Bütün İnsanlığın Özü, Bütün Mevcudatın Özü, Allah'ın Özü'dür. Bu Bilinci idrak ederek İnsanlık için, Mevcudat için ve Zerre  için yapılacak Hizmet ve Çalışmalar gerçek İbadet sayılmaktadır.

Bu Bilinçle yapılacak çalışmalara, Bilinç İbadeti, Öz İbadeti denmektedir. Bilinç İbadetinde, İnsanlıktan, Nizamın Şuurunu, Kainatın Düzenini kavrayarak gördüğü her şeyde Allah'ın Özü'nü bulması ve Allah'ın Birliği'nin Yüceliğini görmesi, Almadan vermesi, Sevmeden sevmesi, İnsanlığa, Mevcudata ve Doğaya her yoldan Hizmet etmesi beklenmektedir.

 

SONUÇ;

Arınmış İnsanın, Şekil ibadetlerine ihtiyacı yoktur.

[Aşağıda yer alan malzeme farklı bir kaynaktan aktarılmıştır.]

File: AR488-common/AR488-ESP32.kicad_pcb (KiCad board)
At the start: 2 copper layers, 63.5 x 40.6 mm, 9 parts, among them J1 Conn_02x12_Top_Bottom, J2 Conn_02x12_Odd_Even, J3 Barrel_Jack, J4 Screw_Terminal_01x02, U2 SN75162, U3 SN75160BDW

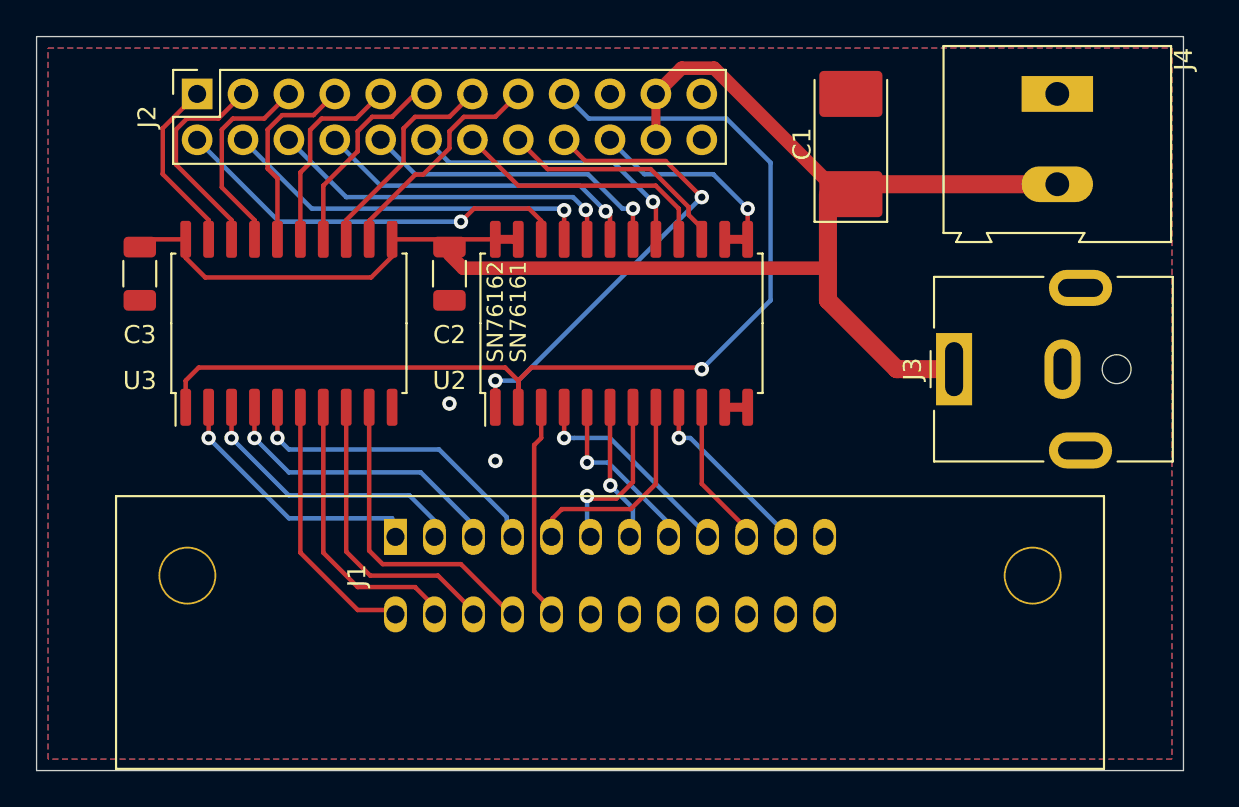
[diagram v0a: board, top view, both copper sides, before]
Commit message: Better pin assignment for the inter-PCB connector
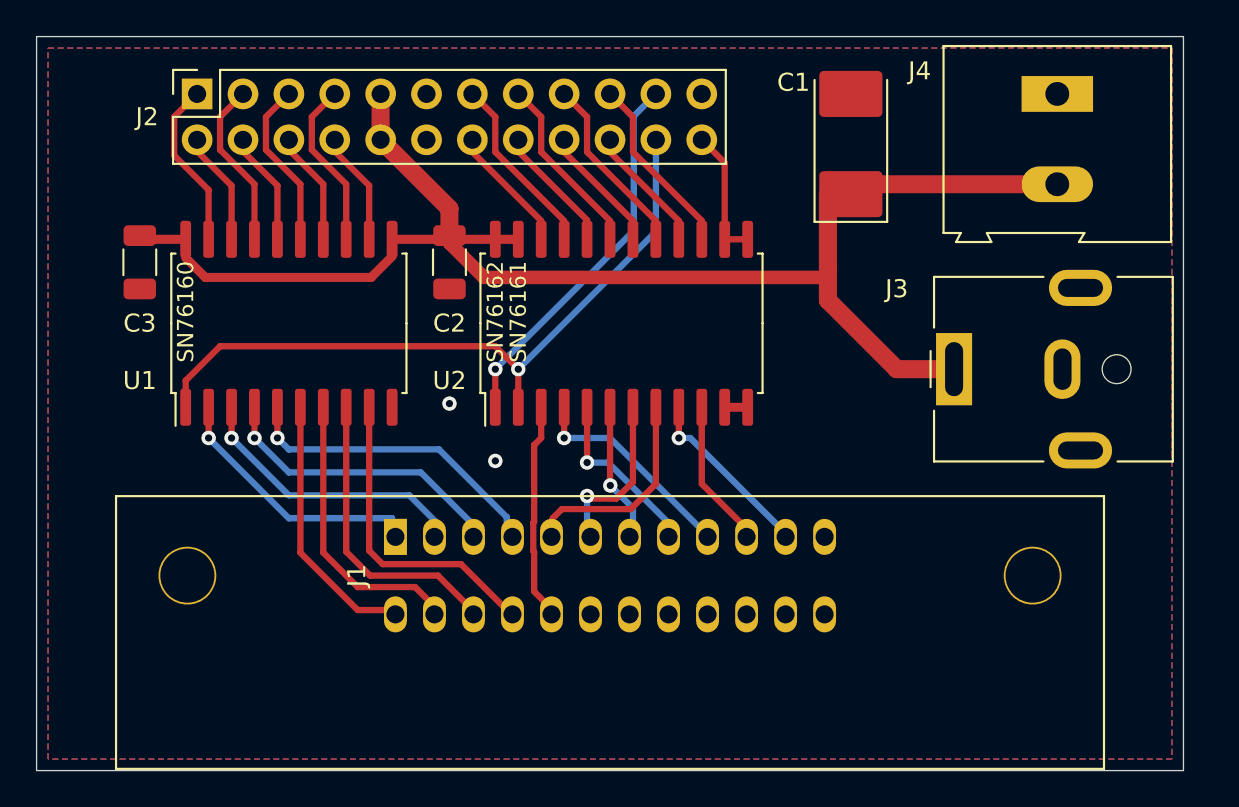
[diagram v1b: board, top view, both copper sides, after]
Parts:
- J1: value Conn_02x12_Top_Bottom -> GPIB-24
- U2: value SN75162 -> SN75162BDW
- moved C2 0.64 mm to (175.3, 82.3)
- moved C3 0.64 mm to (158.1, 82.3)
- renumbered U3 to U1
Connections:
- J2 pad 10: DAV_a -> +5V
- J2 pad 11: D6 -> GND
- J2 pad 12: EOI_a -> GND
- J2 pad 13: D7 -> IFC_a
- J2 pad 14: ATN_a -> REN_a
- J2 pad 15: D8 -> NRFD_a
- J2 pad 16: SRQ_a -> NDAC_a
- J2 pad 17: TE -> EOI_a
- J2 pad 18: SC -> DAV_a
- J2 pad 19: GND -> SRQ_a
- J2 pad 2: REN_a -> D2
- J2 pad 20: DC -> ATN_a
- J2 pad 21: +5V -> SC
- J2 pad 22: +5V -> TE
- J2 pad 24: GND -> DC
- J2 pad 3: D2 -> D3
- J2 pad 4: IFC_a -> D4
- J2 pad 5: D3 -> D5
- J2 pad 6: NDAC_a -> D6
- J2 pad 7: D4 -> D7
- J2 pad 8: NRFD_a -> D8
- J2 pad 9: D5 -> +5V
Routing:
- net TE: track 60.0 -> 39.0 mm
- net REN_a: track 22.5 -> 7.09 mm, vias 1 -> 0
- net NDAC_a: track 19.7 -> 6.45 mm, vias 1 -> 0
- net IFC_a: track 21.0 -> 10.2 mm, vias 1 -> 0
- net DAV_a: track 17.2 -> 7.09 mm, vias 1 -> 0
- net NRFD_a: track 18.3 -> 10.2 mm, vias 2 -> 0
- net ATN_a: track 14.7 -> 7.09 mm
- net D8: track 12.7 -> 6.30 mm
- net EOI_a: track 16.1 -> 10.2 mm, vias 1 -> 0
- net DC: track 12.5 -> 7.10 mm, vias 1 -> 0
- net D2: track 11.5 -> 6.30 mm
- net D6: track 11.4 -> 6.30 mm
- net SC: track 25.8 -> 20.8 mm, vias 2 -> 1
- net +5V: track 88.7 -> 83.7 mm
- net D4: track 10.8 -> 6.30 mm
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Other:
- board text added: "SN76160"

Zerre ve Cümle için Hizmet etmek ve Çalışmak gerçek İbadettir.

İnsanın, İnsana ve Tüm Mevcudata, Saygı göstererek Bütüne Hizmet etmesi İbadetlerin En Kutsalıdır.

Bu ibadete Bilinç İbadeti denir. Bilinç İbadeti, Kamil İnsanın, Hakiki İnsanın İbadetidir.